# Licking



## Isabenz (Jul 13, 2015)

My hedgehog licks my face/neck a lot when she's near which I thought of as her being affectionate... But reading through posts ive gathered this leads to biting and so isn't because she loves me lol? Should I not let her lick me more than just to know my scent?


----------



## twobytwopets (Feb 2, 2014)

Ok, here is what happened on my birthday a couple years ago. 
Anastasia-vu was always a kisser but because of possible bites we wouldn't let her do it. 
On my birthday everything went wrong, flat tire at the FIRST bus stop. Then dinner was not great, bad servers with attitude. 
I got home from dinner and took Anastasia out to play. She was extra lovey that day and I was having a case of birthday blues. She was cuddling with my chin and cheeks. I went to give her a kiss, apparently I didn't do a great job at washing up after dinner. My lips must have smelt like steak. She clamped down on my lip.

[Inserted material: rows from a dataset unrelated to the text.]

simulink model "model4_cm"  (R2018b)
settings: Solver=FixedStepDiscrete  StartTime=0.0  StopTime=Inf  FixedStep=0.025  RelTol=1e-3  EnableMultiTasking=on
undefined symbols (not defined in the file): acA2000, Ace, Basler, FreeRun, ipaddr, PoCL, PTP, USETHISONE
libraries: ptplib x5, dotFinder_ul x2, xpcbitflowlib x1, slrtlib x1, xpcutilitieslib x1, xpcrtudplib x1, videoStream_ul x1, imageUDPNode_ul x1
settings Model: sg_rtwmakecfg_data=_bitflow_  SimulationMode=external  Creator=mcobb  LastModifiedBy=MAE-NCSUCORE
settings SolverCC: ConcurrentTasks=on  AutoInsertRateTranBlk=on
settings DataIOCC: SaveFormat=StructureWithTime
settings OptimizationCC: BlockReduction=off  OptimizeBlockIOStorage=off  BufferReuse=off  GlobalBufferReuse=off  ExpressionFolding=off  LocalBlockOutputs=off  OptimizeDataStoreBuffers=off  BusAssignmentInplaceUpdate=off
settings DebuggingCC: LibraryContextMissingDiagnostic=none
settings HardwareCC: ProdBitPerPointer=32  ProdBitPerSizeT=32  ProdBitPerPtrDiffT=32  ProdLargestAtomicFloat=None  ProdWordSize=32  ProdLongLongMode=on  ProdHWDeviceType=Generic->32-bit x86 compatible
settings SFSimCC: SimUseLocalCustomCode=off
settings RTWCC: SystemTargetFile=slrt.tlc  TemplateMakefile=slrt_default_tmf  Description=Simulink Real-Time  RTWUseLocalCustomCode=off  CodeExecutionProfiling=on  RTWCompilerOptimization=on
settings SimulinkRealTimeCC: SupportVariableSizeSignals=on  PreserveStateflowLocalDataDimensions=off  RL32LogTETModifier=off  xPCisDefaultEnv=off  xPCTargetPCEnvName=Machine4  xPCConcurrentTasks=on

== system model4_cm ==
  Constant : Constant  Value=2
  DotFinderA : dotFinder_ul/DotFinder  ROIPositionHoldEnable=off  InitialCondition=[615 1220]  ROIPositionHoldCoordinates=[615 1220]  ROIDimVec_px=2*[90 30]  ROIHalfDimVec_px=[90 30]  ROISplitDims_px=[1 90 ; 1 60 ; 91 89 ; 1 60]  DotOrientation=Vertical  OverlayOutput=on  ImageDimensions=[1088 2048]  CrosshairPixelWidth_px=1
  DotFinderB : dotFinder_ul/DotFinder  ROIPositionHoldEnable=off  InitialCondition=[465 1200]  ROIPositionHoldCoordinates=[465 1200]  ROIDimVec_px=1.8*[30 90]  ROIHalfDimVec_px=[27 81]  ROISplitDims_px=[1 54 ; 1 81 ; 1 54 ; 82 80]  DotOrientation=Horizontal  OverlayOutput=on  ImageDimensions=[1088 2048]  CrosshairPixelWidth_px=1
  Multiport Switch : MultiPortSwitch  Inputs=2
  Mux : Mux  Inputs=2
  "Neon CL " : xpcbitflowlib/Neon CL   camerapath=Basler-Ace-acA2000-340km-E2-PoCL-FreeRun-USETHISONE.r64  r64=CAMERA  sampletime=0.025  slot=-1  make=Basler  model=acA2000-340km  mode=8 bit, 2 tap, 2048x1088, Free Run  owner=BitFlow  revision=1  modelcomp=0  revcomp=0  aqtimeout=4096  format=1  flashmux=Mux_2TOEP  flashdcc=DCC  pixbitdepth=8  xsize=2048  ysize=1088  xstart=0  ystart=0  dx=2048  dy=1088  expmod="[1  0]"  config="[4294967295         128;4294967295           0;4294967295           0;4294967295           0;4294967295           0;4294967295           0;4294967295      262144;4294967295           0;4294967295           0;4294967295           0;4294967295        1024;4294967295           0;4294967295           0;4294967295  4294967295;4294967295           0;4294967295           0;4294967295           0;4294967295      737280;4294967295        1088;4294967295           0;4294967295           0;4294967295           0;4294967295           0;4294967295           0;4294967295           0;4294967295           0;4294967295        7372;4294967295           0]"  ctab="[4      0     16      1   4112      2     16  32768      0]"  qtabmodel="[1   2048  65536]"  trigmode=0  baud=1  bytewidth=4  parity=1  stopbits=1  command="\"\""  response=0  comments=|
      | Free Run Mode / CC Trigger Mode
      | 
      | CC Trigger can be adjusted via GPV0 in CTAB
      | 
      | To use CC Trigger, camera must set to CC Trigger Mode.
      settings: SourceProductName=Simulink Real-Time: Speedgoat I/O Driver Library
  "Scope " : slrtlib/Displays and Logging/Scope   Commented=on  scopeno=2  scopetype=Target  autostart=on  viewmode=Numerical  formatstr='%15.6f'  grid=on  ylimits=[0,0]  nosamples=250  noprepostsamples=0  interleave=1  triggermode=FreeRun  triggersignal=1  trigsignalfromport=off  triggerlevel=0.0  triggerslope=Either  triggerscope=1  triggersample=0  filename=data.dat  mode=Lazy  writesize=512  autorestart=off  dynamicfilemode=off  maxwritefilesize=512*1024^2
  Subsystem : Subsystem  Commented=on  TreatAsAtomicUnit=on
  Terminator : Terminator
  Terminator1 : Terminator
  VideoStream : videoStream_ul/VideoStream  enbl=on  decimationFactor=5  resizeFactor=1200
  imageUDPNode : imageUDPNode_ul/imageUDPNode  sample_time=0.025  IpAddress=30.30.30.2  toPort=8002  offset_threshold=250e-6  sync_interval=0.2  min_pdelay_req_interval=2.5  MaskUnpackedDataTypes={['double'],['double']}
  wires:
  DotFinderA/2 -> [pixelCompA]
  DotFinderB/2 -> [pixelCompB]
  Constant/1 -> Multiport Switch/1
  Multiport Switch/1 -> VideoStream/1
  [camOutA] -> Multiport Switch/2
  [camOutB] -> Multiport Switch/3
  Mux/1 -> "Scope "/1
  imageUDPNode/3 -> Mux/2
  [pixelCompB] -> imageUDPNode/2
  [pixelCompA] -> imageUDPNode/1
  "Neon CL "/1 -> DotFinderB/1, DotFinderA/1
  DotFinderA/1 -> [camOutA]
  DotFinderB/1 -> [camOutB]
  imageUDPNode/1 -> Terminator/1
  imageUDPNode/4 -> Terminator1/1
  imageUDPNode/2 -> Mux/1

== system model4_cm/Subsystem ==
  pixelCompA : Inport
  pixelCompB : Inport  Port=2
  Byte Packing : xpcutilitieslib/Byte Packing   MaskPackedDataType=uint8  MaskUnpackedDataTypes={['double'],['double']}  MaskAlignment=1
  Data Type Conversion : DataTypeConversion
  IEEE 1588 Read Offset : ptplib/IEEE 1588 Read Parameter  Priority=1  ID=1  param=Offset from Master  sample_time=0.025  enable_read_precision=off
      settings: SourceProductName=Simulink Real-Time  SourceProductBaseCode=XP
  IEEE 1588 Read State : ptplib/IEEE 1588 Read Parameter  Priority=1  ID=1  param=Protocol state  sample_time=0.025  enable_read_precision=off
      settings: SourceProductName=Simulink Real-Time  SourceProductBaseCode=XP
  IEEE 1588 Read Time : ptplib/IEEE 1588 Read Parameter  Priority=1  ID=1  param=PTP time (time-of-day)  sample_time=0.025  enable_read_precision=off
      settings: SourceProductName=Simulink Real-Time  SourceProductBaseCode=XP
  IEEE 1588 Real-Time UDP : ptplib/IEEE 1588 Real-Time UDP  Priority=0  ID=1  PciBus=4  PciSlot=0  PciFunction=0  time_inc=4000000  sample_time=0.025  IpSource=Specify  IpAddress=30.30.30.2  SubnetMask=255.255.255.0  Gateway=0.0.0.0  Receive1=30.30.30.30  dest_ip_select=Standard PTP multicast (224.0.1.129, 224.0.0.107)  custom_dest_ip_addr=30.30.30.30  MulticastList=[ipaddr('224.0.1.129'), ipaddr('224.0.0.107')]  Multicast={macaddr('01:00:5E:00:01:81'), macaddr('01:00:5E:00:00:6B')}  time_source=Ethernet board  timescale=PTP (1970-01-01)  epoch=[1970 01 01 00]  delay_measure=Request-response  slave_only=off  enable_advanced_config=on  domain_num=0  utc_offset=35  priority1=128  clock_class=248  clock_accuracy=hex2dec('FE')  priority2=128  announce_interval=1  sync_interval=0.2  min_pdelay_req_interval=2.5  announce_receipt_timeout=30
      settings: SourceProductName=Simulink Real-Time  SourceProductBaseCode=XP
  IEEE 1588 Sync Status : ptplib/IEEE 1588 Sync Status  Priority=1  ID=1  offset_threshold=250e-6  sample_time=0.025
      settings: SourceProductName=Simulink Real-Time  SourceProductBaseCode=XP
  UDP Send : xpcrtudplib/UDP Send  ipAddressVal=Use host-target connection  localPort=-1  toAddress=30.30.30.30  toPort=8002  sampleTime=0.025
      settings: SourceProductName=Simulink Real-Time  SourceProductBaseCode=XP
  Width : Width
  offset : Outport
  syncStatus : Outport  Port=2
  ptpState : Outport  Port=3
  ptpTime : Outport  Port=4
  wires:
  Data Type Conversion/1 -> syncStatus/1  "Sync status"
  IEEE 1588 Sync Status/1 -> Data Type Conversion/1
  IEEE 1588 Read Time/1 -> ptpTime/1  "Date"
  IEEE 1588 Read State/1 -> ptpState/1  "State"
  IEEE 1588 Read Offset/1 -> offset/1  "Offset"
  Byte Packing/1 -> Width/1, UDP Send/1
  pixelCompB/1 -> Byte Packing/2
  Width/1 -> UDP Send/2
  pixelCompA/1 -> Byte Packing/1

Now it wasn't a bad bite, those are totally different. Just that it was in fact located on a sensitive spot made it so much worse.


----------



## shinydistraction (Jul 6, 2014)

Hedgehogs aren't really affectionate animals. And they don't display what little affection they do show the same way a dog would. If a hedgehog is licking you it's because they think you taste or smell good. This very likely will lead to a bite eventually. As cute as it is, I wouldn't let her lick you. But it's up to you of course. Just be prepared. Those little teeth are sharp and they are fast when they decide to bite.


----------



## ummmx (Jul 15, 2015)

Before I hold my hedgehog I have to make sure I don't wash my hands with bath and body works soap because he loves it...I found this out because the other day I had washed my hands with the soap I always use (bath and body works) and I was cleaning up his cage. He walks right up to me and starts licking my hand, and I was all like aww how cute then he took a nice chunk out of my pinky. Then he started self anointing with it lol.. So he obviously likes the smell. He does the same thing with my pillow.


----------



## twobytwopets (Feb 2, 2014)

Anyone who has been around babies of the human kind could tell a story about how when a baby or toddler smells something really good, like a candle that smells like sugar cookies, they smell it open their mouth to try and taste it. 
We do most of our tasting with our noses. Hedgehogs I'm sure are no different.


----------



## DibsMonster (Nov 10, 2014)

my husband gets bit all the time. He lets the hedgies lick him and then CHOMP!! I have never been bit becaus ei never let them get that far lol that chew on my bra strap though.


----------